Thats cool I would be sweating if handling that one lol


----------



## SgtSparkles (Apr 20, 2012)

i'd rather not, my grumpy guys are a no go on holding


----------



## AReaHerps (Apr 21, 2012)

Most of my Ts now are slings except for my wife's B. smithi 

I used to love holding ALL my Ts when I was younger. Now though, I'm much more paranoid that one would get spooked, dash, and have a fatal tumble. Simply not worth it to me. I would much rather enjoy my babies with plastic or glass between us than to see them die before my eyes. I know that seems extreme but when I do have the urge, I'll hold my little curly hair and literally just lay down near the ground. 

Sent from my Android Tapatalk App!


----------



## pwilson5 (Apr 21, 2012)

yeah anitec, i was rehousing her.. she bolted up my arm and was sitting on the back of my neck.. thankfully my fiance was home and helped me remove her...

can you imagine trying to reach back where you cant see and grabbing a 6" haplo?? *shudders*


----------



## crawltech (Apr 21, 2012)

check out my youtube,..i do some poeci handleing,..although they arent being aggresive, or defensive...not even very skittish,..

.......I guess that doesnt count then.


----------



## Storm76 (Apr 21, 2012)

crawltech said:


> check out my youtube,..i do some poeci handleing,..although they arent being aggresive, or defensive...not even very skittish,..
> 
> .......I guess that doesnt count then.


Doesn't count!
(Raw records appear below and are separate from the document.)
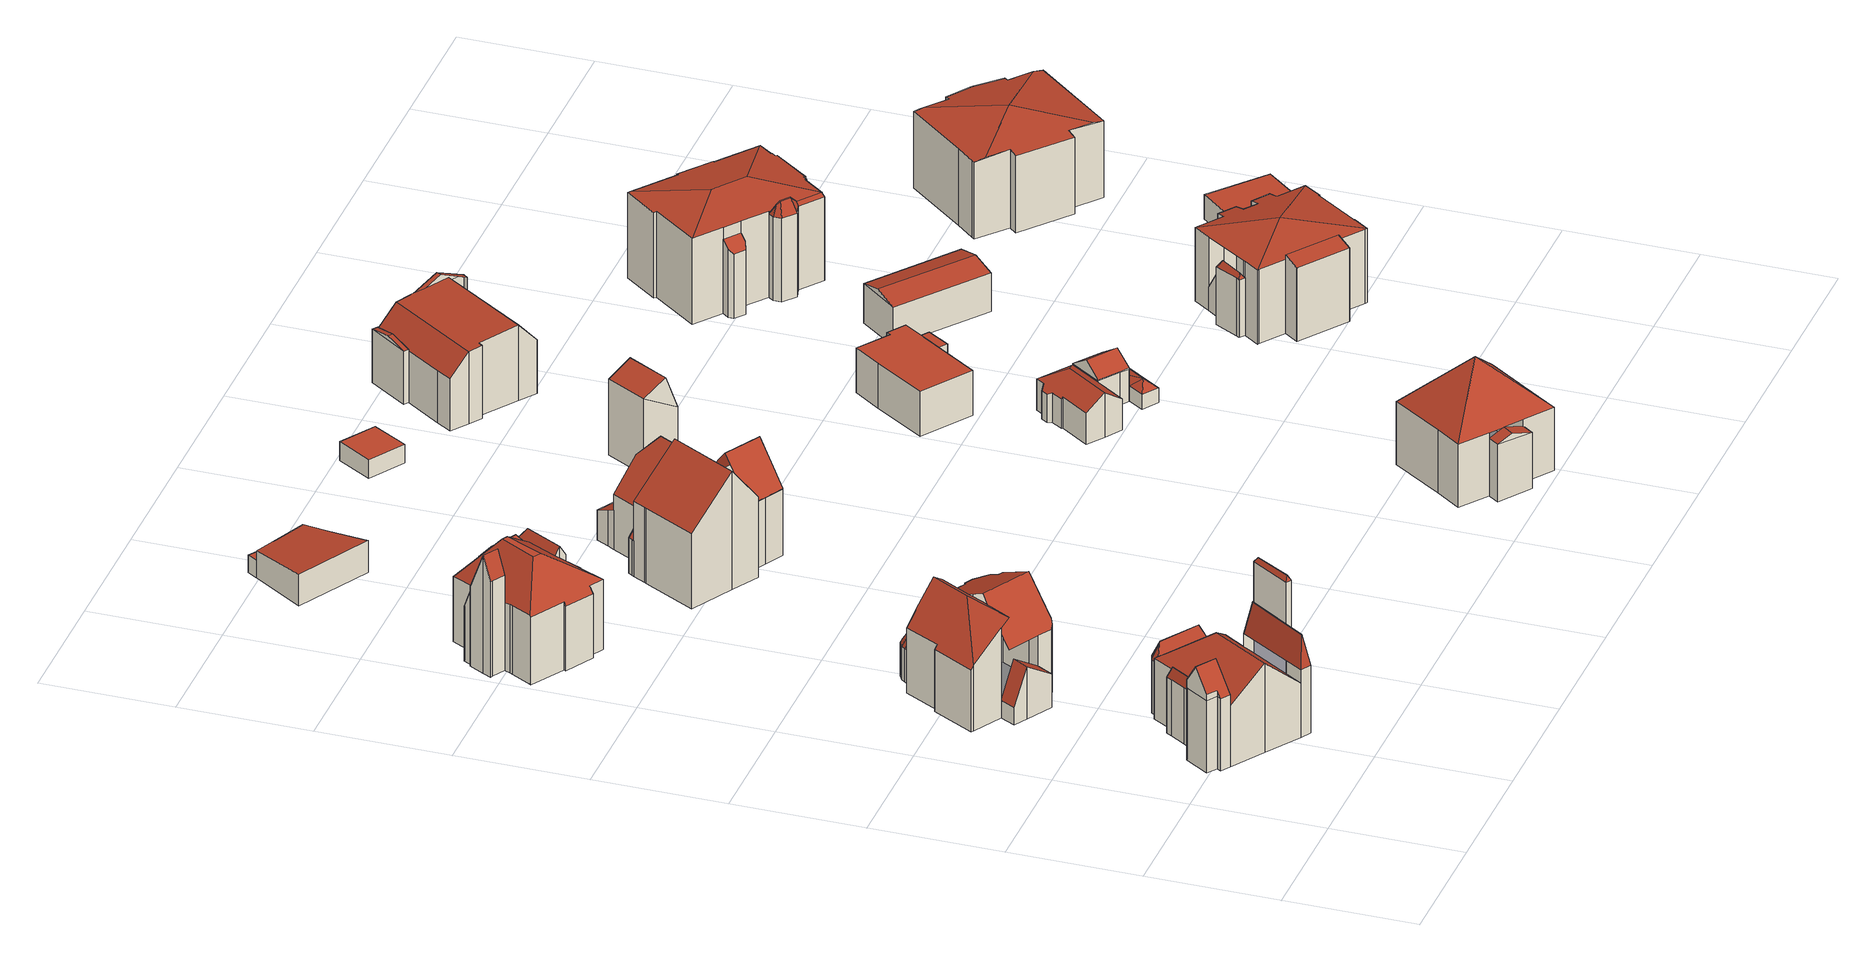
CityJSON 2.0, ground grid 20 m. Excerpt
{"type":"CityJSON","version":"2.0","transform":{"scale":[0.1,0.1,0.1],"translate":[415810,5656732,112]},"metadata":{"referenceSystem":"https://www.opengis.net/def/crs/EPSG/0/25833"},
"CityObjects":{
"building1":{"type":"Building","attributes":{"Gemeindeschluessel":14612000,"Geometrietyp2DReferenz":"3000","function":"31001_9998","roofType":"9999"},"children":["building1-1","building1-2","building1-3","building1-4","building1-5","building1-6"]},
"building1-1":{"type":"BuildingPart","attributes":{"Dachtyp_tdc":"tdcFreeFormRoof","Dachneigung":55.26,"QualitaetDacherkennung":51,"Geometrietyp2DReferenz":"3000","measuredHeight":16.03,"roofType":"5000"},"parents":["building1"],"geometry":[{"type":"MultiSurface","lod":"2","boundaries":[[[0,1,2,3]],[[1,4,5,2]],[[4,6,7,8,5]],[[9,10,11,12,13]],[[10,14,15,11]],[[14,16,17,15]],[[16,0,3,17]],[[18,19,10,9,20,21]],[[22,23,24,25,21,20]],[[16,18,21,25,0]],[[0,25,24,1]],[[1,24,23,4]],[[4,23,22,6]],[[6,22,20,9]],[[14,19,18,16]],[[10,19,14]],[[3,2,5,8,12,11,15,17]]],"semantics":{"surfaces":[{"type":"WallSurface"},{"type":"RoofSurface"},{"type":"GroundSurface"}],"values":[0,0,0,0,0,0,0,1,1,0,0,0,0,0,0,0,2]}}]},
"building1-2":{"type":"BuildingPart","attributes":{"Dachtyp_tdc":"tdcFreeFormRoof","Dachneigung":80.05,"QualitaetDacherkennung":14,"Geometrietyp2DReferenz":"3000","measuredHeight":15.99,"roofType":"5000"},"parents":["building1"],"geometry":[{"type":"MultiSurface","lod":"2","boundaries":[[[26,27,28,29]],[[27,30,31,32,28]],[[33,34,35,36,37]],[[38,30,27]],[[39,38,27,26,34]],[[39,34,33]],[[38,39,33,30]],[[35,29,28,32,36]]],"semantics":{"surfaces":[{"type":"WallSurface"},{"type":"RoofSurface"},{"type":"GroundSurface"}],"values":[0,0,0,1,1,1,1,2]}}]},
"building1-3":{"type":"BuildingPart","attributes":{"Dachtyp_tdc":"tdcFreeFormRoof","Dachneigung":72.91,"QualitaetDacherkennung":40,"Geometrietyp2DReferenz":"3000","measuredHeight":10.67,"roofType":"5000"},"parents":["building1"],"geometry":[{"type":"MultiSurface","lod":"2","boundaries":[[[40,41,42,43]],[[41,44,45,42]],[[44,46,47,45]],[[40,48,49,50]],[[48,51,49]],[[51,46,44,41,50,49]],[[41,40,50]],[[47,52,53,43,42,45]],[[46,51,52,47]],[[51,48,53,52]]],"semantics":{"surfaces":[{"type":"WallSurface"},{"type":"RoofSurface"},{"type":"GroundSurface"}],"values":[0,0,0,1,1,1,1,2,0,0]}}]},
"building1-4":{"type":"BuildingPart","attributes":{"Dachtyp_tdc":"tdcFreeFormRoof","Dachneigung":66.39,"QualitaetDacherkennung":21,"Geometrietyp2DReferenz":"3000","measuredHeight":11.16,"roofType":"5000"},"parents":["building1"],"geometry":[{"type":"MultiSurface","lod":"2","boundaries":[[[54,55,56,57]],[[55,58,59,56]],[[58,60,61,59]],[[60,62,63,61]],[[62,64,65,63]],[[64,66,67,65]],[[68,66,64,62]],[[69,68,62,60,58]],[[70,69,58,55]],[[70,55,54]],[[68,69,70,54,66]],[[56,59,61,63,65,67,57]]],"semantics":{"surfaces":[{"type":"WallSurface"},{"type":"RoofSurface"},{"type":"GroundSurface"}],"values":[0,0,0,0,0,0,1,1,1,1,1,2]}}]},
"building1-5":{"type":"BuildingPart","attributes":{"Dachtyp_tdc":"tdcFreeFormRoof","Dachneigung":59.45,"QualitaetDacherkennung":0,"Geometrietyp2DReferenz":"3000","measuredHeight":22.34,"roofType":"5000"},"parents":["building1"],"geometry":[{"type":"MultiSurface","lod":"2","boundaries":[[[71,72,73]],[[74,71,73,75]],[[74,75,76]],[[71,74,76,72]],[[76,75,77,35,34]],[[75,73,78,77]],[[73,72,26,29,78]],[[34,26,72,76]],[[35,77,78,29]],[[34,35,29,26]]],"semantics":{"surfaces":[{"type":"RoofSurface"},{"type":"WallSurface"},{"type":"GroundSurface"},{"type":"ClosureSurface","isClosure":"1","QuelleClosure":"LoD1Solid"}],"values":[0,0,0,0,1,1,1,1,2,3]}}]},
"building1-6":{"type":"BuildingPart","attributes":{"Dachtyp_tdc":"tdcHipAndGableRoof","Dachneigung":41.72,"QualitaetDacherkennung":38,"Geometrietyp2DReferenz":"3000","measuredHeight":14.31,"roofType":"5000"},"parents":["building1"],"geometry":[{"type":"MultiSurface","lod":"2","boundaries":[[[79,13,12,80]],[[7,81,43,8]],[[81,40,43]],[[82,53,48]],[[82,83,84,53]],[[83,85,57,84]],[[85,54,57]],[[86,87,65,67,66]],[[87,88,89,65]],[[88,90,91,89]],[[90,92,93,91]],[[92,94,95,93]],[[94,37,36,95]],[[31,79,80,32]],[[94,92,90,88,87,86,85,83,96]],[[83,82,81,7,13,79,96]],[[79,31,37,94,96]],[[80,12,8,43,53,84,57,67,65,89,91,93,95,36,32]]],"semantics":{"surfaces":[{"type":"WallSurface"},{"type":"RoofSurface"},{"type":"GroundSurface"}],"values":[0,0,0,0,0,0,0,0,0,0,0,0,0,0,1,1,1,2]}}]},
"building2":{"type":"Building","attributes":{"Gemeindeschluessel":14612000,"Geometrietyp2DReferenz":"3000","function":"31001_9998","roofType":"9999"},"children":["building2-1","building2-2","building2-3","building2-4"]},
"building2-1":{"type":"BuildingPart","attributes":{"Dachtyp_tdc":"tdcFreeFormRoof","Dachneigung":59.45,"QualitaetDacherkennung":14,"Geometrietyp2DReferenz":"3000","measuredHeight":9.18,"roofType":"5000"},"parents":["building2"],"geometry":[{"type":"MultiSurface","lod":"2","boundaries":[[[97,98,99,100]],[[98,101,102,99]],[[101,103,104,102]],[[103,105,106,104]],[[105,107,108,106]],[[107,109,110,108]],[[109,111,112,110]],[[111,113,114,112]],[[113,115,116,114]],[[117,118,111,109]],[[119,117,109,107]],[[119,107,105]],[[120,119,105,103]],[[121,120,103,101]],[[122,121,101,98]],[[122,98,97]],[[123,118,117,119,120,121,122,97,124,115]],[[123,115,113]],[[118,123,113,111]],[[116,125,100,99,102,104,106,108,110,112,114]]],"semantics":{"surfaces":[{"type":"WallSurface"},{"type":"RoofSurface"},{"type":"GroundSurface"}],"values":[0,0,0,0,0,0,0,0,0,1,1,1,1,1,1,1,1,1,1,2]}}]},
"building2-2":{"type":"BuildingPart","attributes":{"Dachtyp_tdc":"tdcHipAndGableRoof","Dachneigung":49.84,"QualitaetDacherkennung":44,"Geometrietyp2DReferenz":"3000","measuredHeight":16.49,"roofType":"5000"},"parents":["building2"],"geometry":[{"type":"MultiSurface","lod":"2","boundaries":[[[126,127,128,129]],[[127,130,97,100,128]],[[131,132,133,134]],[[135,136,137]],[[135,138,139,136]],[[138,140,141,139]],[[140,142,143,141]],[[142,126,129,143]],[[144,138,135,131]],[[131,145,146,147,148,149,144]],[[149,130,127,126,142,140,138,144]],[[129,128,100,125,116,150,133,136,139,141,143]]],"semantics":{"surfaces":[{"type":"WallSurface"},{"type":"RoofSurface"},{"type":"GroundSurface"}],"values":[0,0,0,0,0,0,0,0,1,1,1,2]}}]},
"building2-3":{"type":"BuildingPart","attributes":{"Dachtyp_tdc":"tdcGableRoof","Dachneigung":66.68,"QualitaetDacherkennung":6,"Geometrietyp2DReferenz":"3000","measuredHeight":8.48,"roofType":"3100"},"parents":["building2"],"geometry":[{"type":"MultiSurface","lod":"2","boundaries":[[[151,152,153,154]],[[152,155,156,153]],[[155,157,158,156]],[[157,137,136,158]],[[155,152,151,159]],[[159,132,137,157,155]],[[133,160,154,153,156,158,136]]],"semantics":{"surfaces":[{"type":"WallSurface"},{"type":"RoofSurface"},{"type":"GroundSurface"}],"values":[0,0,0,0,1,1,2]}}]},
"building2-4":{"type":"BuildingPart","attributes":{"Dachtyp_tdc":"tdcFreeFormRoof","Dachneigung":25.11,"QualitaetDacherkennung":28,"Geometrietyp2DReferenz":"3000","measuredHeight":16.92,"roofType":"5000"},"parents":["building2"],"geometry":[{"type":"MultiSurface","lod":"2","boundaries":[[[161,162,163,116]],[[162,164,165,163]],[[164,166,167,165]],[[166,168,169,167]],[[168,170,171,169]],[[170,172,173,171]],[[172,174,175,173]],[[174,176,177,175]],[[176,178,179,177]],[[178,180,181,179]],[[174,172,170,168,166,164,162,161,147,182]],[[182,145,134,183,180,178,176,174]],[[181,154,160,133,150,116,163,165,167,169,171,173,175,177,179]],[[180,183,154,181]],[[183,151,154]]],"semantics":{"surfaces":[{"type":"WallSurface"},{"type":"RoofSurface"},{"type":"GroundSurface"}],"values":[0,0,0,0,0,0,0,0,0,0,1,1,2,0,0]}}]},
"building3":{"type":"Building","attributes":{"Gemeindeschluessel":14612000,"Geometrietyp2DReferenz":"3000","function":"31001_9998","roofType":"9999"},"children":["building3-1","building3-2","building3-3","building3-4"]},
"building3-1":{"type":"BuildingPart","attributes":{"Dachtyp_tdc":"tdcFreeFormRoof","Dachneigung":57.99,"QualitaetDacherkennung":21,"Geometrietyp2DReferenz":"3000","measuredHeight":11.29,"roofType":"5000"},"parents":["building3"],"geometry":[{"type":"MultiSurface","lod":"2","boundaries":[[[184,185,186,187]],[[185,188,189,186]],[[188,190,191,189]],[[190,192,193,191]],[[190,188,185,194]],[[184,195,192,190,194]],[[187,186,189,191,193,196]],[[185,184,194]]],"semantics":{"surfaces":[{"type":"WallSurface"},{"type":"RoofSurface"},{"type":"GroundSurface"}],"values":[0,0,0,0,1,1,2,1]}}]},
"building3-2":{"type":"BuildingPart","attributes":{"Dachtyp_tdc":"tdcFreeFormRoof","Dachneigung":53.57,"QualitaetDacherkennung":17,"Geometrietyp2DReferenz":"3000","measuredHeight":11.27,"roofType":"5000"},"parents":["building3"],"geometry":[{"type":"MultiSurface","lod":"2","boundaries":[[[197,198,199,200]],[[198,201,184,187,199]],[[202,203,201]],[[204,202,201,198]],[[204,198,197]],[[202,204,197,205,203]],[[200,199,187,196,206]]],"semantics":{"surfaces":[{"type":"WallSurface"},{"type":"RoofSurface"},{"type":"GroundSurface"}],"values":[0,0,1,1,1,1,2]}}]},
"building3-3":{"type":"BuildingPart","attributes":{"Dachtyp_tdc":"tdcGableRoof","Dachneigung":67.59,"QualitaetDacherkennung":23,"Geometrietyp2DReferenz":"3000","measuredHeight":18.89,"roofType":"3100"},"parents":["building3"],"geometry":[{"type":"MultiSurface","lod":"2","boundaries":[[[207,208,209,210]],[[211,212,213,214,215]],[[212,216,217,213]],[[216,218,219,217]],[[218,220,221,219]],[[220,222,223,221]],[[222,207,210,223]],[[218,216,212,211,224]],[[224,225,208,207,222,220,218]],[[210,209,226,214,213,217,219,221,223]]],"semantics":{"surfaces":[{"type":"WallSurface"},{"type":"RoofSurface"},{"type":"GroundSurface"}],"values":[0,0,0,0,0,0,0,1,1,2]}}]},
"building3-4":{"type":"BuildingPart","attributes":{"Dachtyp_tdc":"tdcCutTentRoof","Dachneigung":36.65,"QualitaetDacherkennung":41,"Geometrietyp2DReferenz":"3000","measuredHeight":16.65,"roofType":"9999"},"parents":["building3"],"geometry":[{"type":"MultiSurface","lod":"2","boundaries":[[[227,209,208]],[[227,228,229,209]],[[228,230,197,200,229]],[[231,232,233,193,192]],[[232,234,235,233]],[[234,236,237,235]],[[236,238,239,237]],[[238,240,241,239]],[[240,242,243,241]],[[242,244,245,243]],[[244,246,247,245]],[[246,248,249,247]],[[248,250,251,249]],[[250,252,253,251]],[[252,215,214,253]],[[254,230,228,255,256]],[[236,234,232,231,257,254,256,258]],[[248,246,244,242,240,238,236,258,259]],[[228,227,225,260,215,252,250,248,259,255]],[[259,258,256,255]],[[214,226,209,229,200,206,196,193,233,235,237,239,241,243,245,247,249,251,253]]],"semantics":{"surfaces":[{"type":"WallSurface"},{"type":"RoofSurface"},{"type":"GroundSurface"}],"values":[0,0,0,0,0,0,0,0,0,0,0,0,0,0,0,1,1,1,1,1,2]}}]},
"building4":{"type":"Building","attributes":{"name":"Hochschule für Kirchenmusik Dresden","Gemeindeschluessel":14612000,"Geometrietyp2DReferenz":"3000","function":"31001_3023","roofType":"9999"},"children":["building4-1","building4-2","building4-3"]},
"building4-1":{"type":"BuildingPart","attributes":{"Dachtyp_tdc":"tdcPolyFlatRoof","Dachneigung":4.77,"QualitaetDacherkennung":79,"Geometrietyp2DReferenz":"3000","measuredHeight":5.12,"roofType":"2100"},"parents":["building4"],"geometry":[{"type":"MultiSurface","lod":"2","boundaries":[[[261,262,263]],[[261,264,265,262]],[[264,266,265]],[[267,268,269,270,271]],[[268,272,273,269]],[[272,274,275,276,273]],[[272,268,267,264,261,274]],[[276,262,265,270,269,273]]],"semantics":{"surfaces":[{"type":"WallSurface"},{"type":"RoofSurface"},{"type":"GroundSurface"}],"values":[0,0,0,0,0,0,1,2]}}]},
"building4-2":{"type":"BuildingPart","attributes":{"Dachtyp_tdc":"tdcPolyFlatRoof","Dachneigung":0,"QualitaetDacherkennung":60,"Geometrietyp2DReferenz":"3000","measuredHeight":2.8,"roofType":"1000"},"parents":["building4"],"geometry":[{"type":"MultiSurface","lod":"2","boundaries":[[[275,277,278,276]],[[277,279,280,278]],[[279,263,262,280]],[[263,279,277,275]],[[276,278,280,262]]],"semantics":{"surfaces":[{"type":"WallSurface"},{"type":"RoofSurface"},{"type":"GroundSurface"}],"values":[0,0,0,1,2]}}]},
"building4-3":{"type":"BuildingPart","attributes":{"Dachtyp_tdc":"tdcPolyFlatRoof","Dachneigung":0,"QualitaetDacherkennung":93,"Geometrietyp2DReferenz":"3000","measuredHeight":2.81,"roofType":"1000"},"parents":["building4"],"geometry":[{"type":"MultiSurface","lod":"2","boundaries":[[[281,271,270,282]],[[266,283,284,265]],[[283,281,282,284]],[[283,266,271,281]],[[282,270,265,284]]],"semantics":{"surfaces":[{"type":"WallSurface"},{"type":"RoofSurface"},{"type":"GroundSurface"}],"values":[0,0,0,1,2]}}]},
"building5":{"type":"Building","attributes":{"Gemeindeschluessel":14612000,"Geometrietyp2DReferenz":"3000","function":"31001_9998","roofType":"9999"},"children":["building5-1","building5-2","building5-3","building5-4"]},
"building5-1":{"type":"BuildingPart","attributes":{"Dachtyp_tdc":"tdcPolyFlatRoof","Dachneigung":23.73,"QualitaetDacherkennung":47,"Geometrietyp2DReferenz":"3000","measuredHeight":6.15,"roofType":"2100"},"parents":["building5"],"geometry":[{"type":"MultiSurface","lod":"2","boundaries":[[[285,286,287,288]],[[286,289,290,287]],[[291,292,293,294]],[[292,295,296,293]],[[295,285,288,296]],[[295,292,291,297,289,286,285]],[[288,287,290,298,294,293,296]]],"semantics":{"surfaces":[{"type":"WallSurface"},{"type":"RoofSurface"},{"type":"GroundSurface"}],"values":[0,0,0,0,0,1,2]}}]},
"building5-2":{"type":"BuildingPart","attributes":{"Dachtyp_tdc":"tdcGableAndHippedGRoof","Dachneigung":48.44,"QualitaetDacherkennung":59,"Geometrietyp2DReferenz":"3000","measuredHeight":16.32,"roofType":"9999"},"parents":["building5"],"geometry":[{"type":"MultiSurface","lod":"2","boundaries":[[[299,300,301]],[[302,303,304,305]],[[303,306,307,304]],[[306,308,309,307]],[[308,310,294,309]],[[310,291,294]],[[311,312,313,290,289]],[[312,314,315,313]],[[314,316,317,315]],[[316,318,319,317]],[[314,312,311,320,321]],[[320,310,308,306,303,302,322,323,321]],[[323,299,324,318,316,314,321]],[[300,325,326,305,304,307,309,294,298,290,313,315,317,319]]],"semantics":{"surfaces":[{"type":"WallSurface"},{"type":"RoofSurface"},{"type":"GroundSurface"}],"values":[0,0,0,0,0,0,0,0,0,0,1,1,1,2]}}]},
"building5-3":{"type":"BuildingPart","attributes":{"Dachtyp_tdc":"tdcGableRoof","Dachneigung":52.34,"QualitaetDacherkennung":52,"Geometrietyp2DReferenz":"3000","measuredHeight":16.93,"roofType":"3100"},"parents":["building5"],"geometry":[{"type":"MultiSurface","lod":"2","boundaries":[[[327,319,318]],[[327,328,329,319]],[[328,330,331,329]],[[330,332,333,331]],[[332,334,335,333]],[[301,336,337,338,328,327,324]],[[339,340,338,337,341,342]],[[332,339,342,334]],[[330,340,339,332]],[[328,338,340,330]],[[319,329,331,333,335,300]]],"semantics":{"surfaces":[{"type":"WallSurface"},{"type":"RoofSurface"},{"type":"GroundSurface"}],"values":[0,0,0,0,0,1,1,0,0,0,2]}}]},
"building5-4":{"type":"BuildingPart","attributes":{"Dachtyp_tdc":"tdcGableRoof","Dachneigung":42.91,"QualitaetDacherkennung":25,"Geometrietyp2DReferenz":"3000","measuredHeight":18.94,"roofType":"3100"},"parents":["building5"],"geometry":[{"type":"MultiSurface","lod":"2","boundaries":[[[343,344,345,346]],[[344,347,348,345]],[[347,349,350,348]],[[349,351,352,350]],[[351,353,354,352]],[[353,355,302,305,354]],[[356,343,346,335,334,342]],[[357,355,353,351,349,347]],[[347,344,343,356,341,336,358,357]],[[346,345,348,350,352,354,305,326,325,300,335]]],"semantics":{"surfaces":[{"type":"WallSurface"},{"type":"RoofSurface"},{"type":"GroundSurface"}],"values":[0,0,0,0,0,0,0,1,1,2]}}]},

Your's seem to be always high or something - you sure you don't grow weed in your enclosures? 

Fun aside - you have A LOT of experience with them, buddy. I wouldn't suggest to handle "hot" species as a beginner and not when having had those for a couple weeks and thinking you KNOW them either.

Aside from that, personally, I don't handle any of mine unless they happen to run onto me. They don't benefit from that, so why bother?


----------



## anitec21 (Apr 22, 2012)

AReaHerps said:


> Most of my Ts now are slings except for my wife's B. smithi
> 
> I used to love holding ALL my Ts when I was younger. Now though, I'm much more paranoid that one would get spooked, dash, and have a fatal tumble. Simply not worth it to me. I would much rather enjoy my babies with plastic or glass between us than to see them die before my eyes. I know that seems extreme but when I do have the urge, I'll hold my little curly hair and literally just lay down near the ground.
> 
> Sent from my Android Tapatalk App!


i was paranoid at first with my G.Rosea biting the feeding tong but i handle them except for my B.Vagans its defensive.

---------- Post added 04-22-2012 at 08:55 PM ----------




crawltech said:


> check out my youtube,..i do some poeci handleing,..although they arent being aggresive, or defensive...not even very skittish,..
> 
> .......I guess that doesnt count then.


Your brave to handle those i would be nervous lol

Reactions: Like 1


----------



## Zman181 (Apr 22, 2012)

pwilson5 said:


> while i dont really recomend holding "defensive" Ts.. i find that most of them tend to calm down a bit when you get them outside their burrow..
> 
> my BIG h lividum
> 
> ...


Wow!  That is a BEAUTIFUL picture :worship:


----------



## anitec21 (Apr 22, 2012)

Storm76 said:


> Doesn't count! Your's seem to be always high or something - you sure you don't grow weed in your enclosures?
> 
> Fun aside - you have A LOT of experience with them, buddy. I wouldn't suggest to handle "hot" species as a beginner and not when having had those for a couple weeks and thinking you KNOW them either.
> 
> Aside from that, personally, I don't handle any of mine unless they happen to run onto me. They don't benefit from that, so why bother?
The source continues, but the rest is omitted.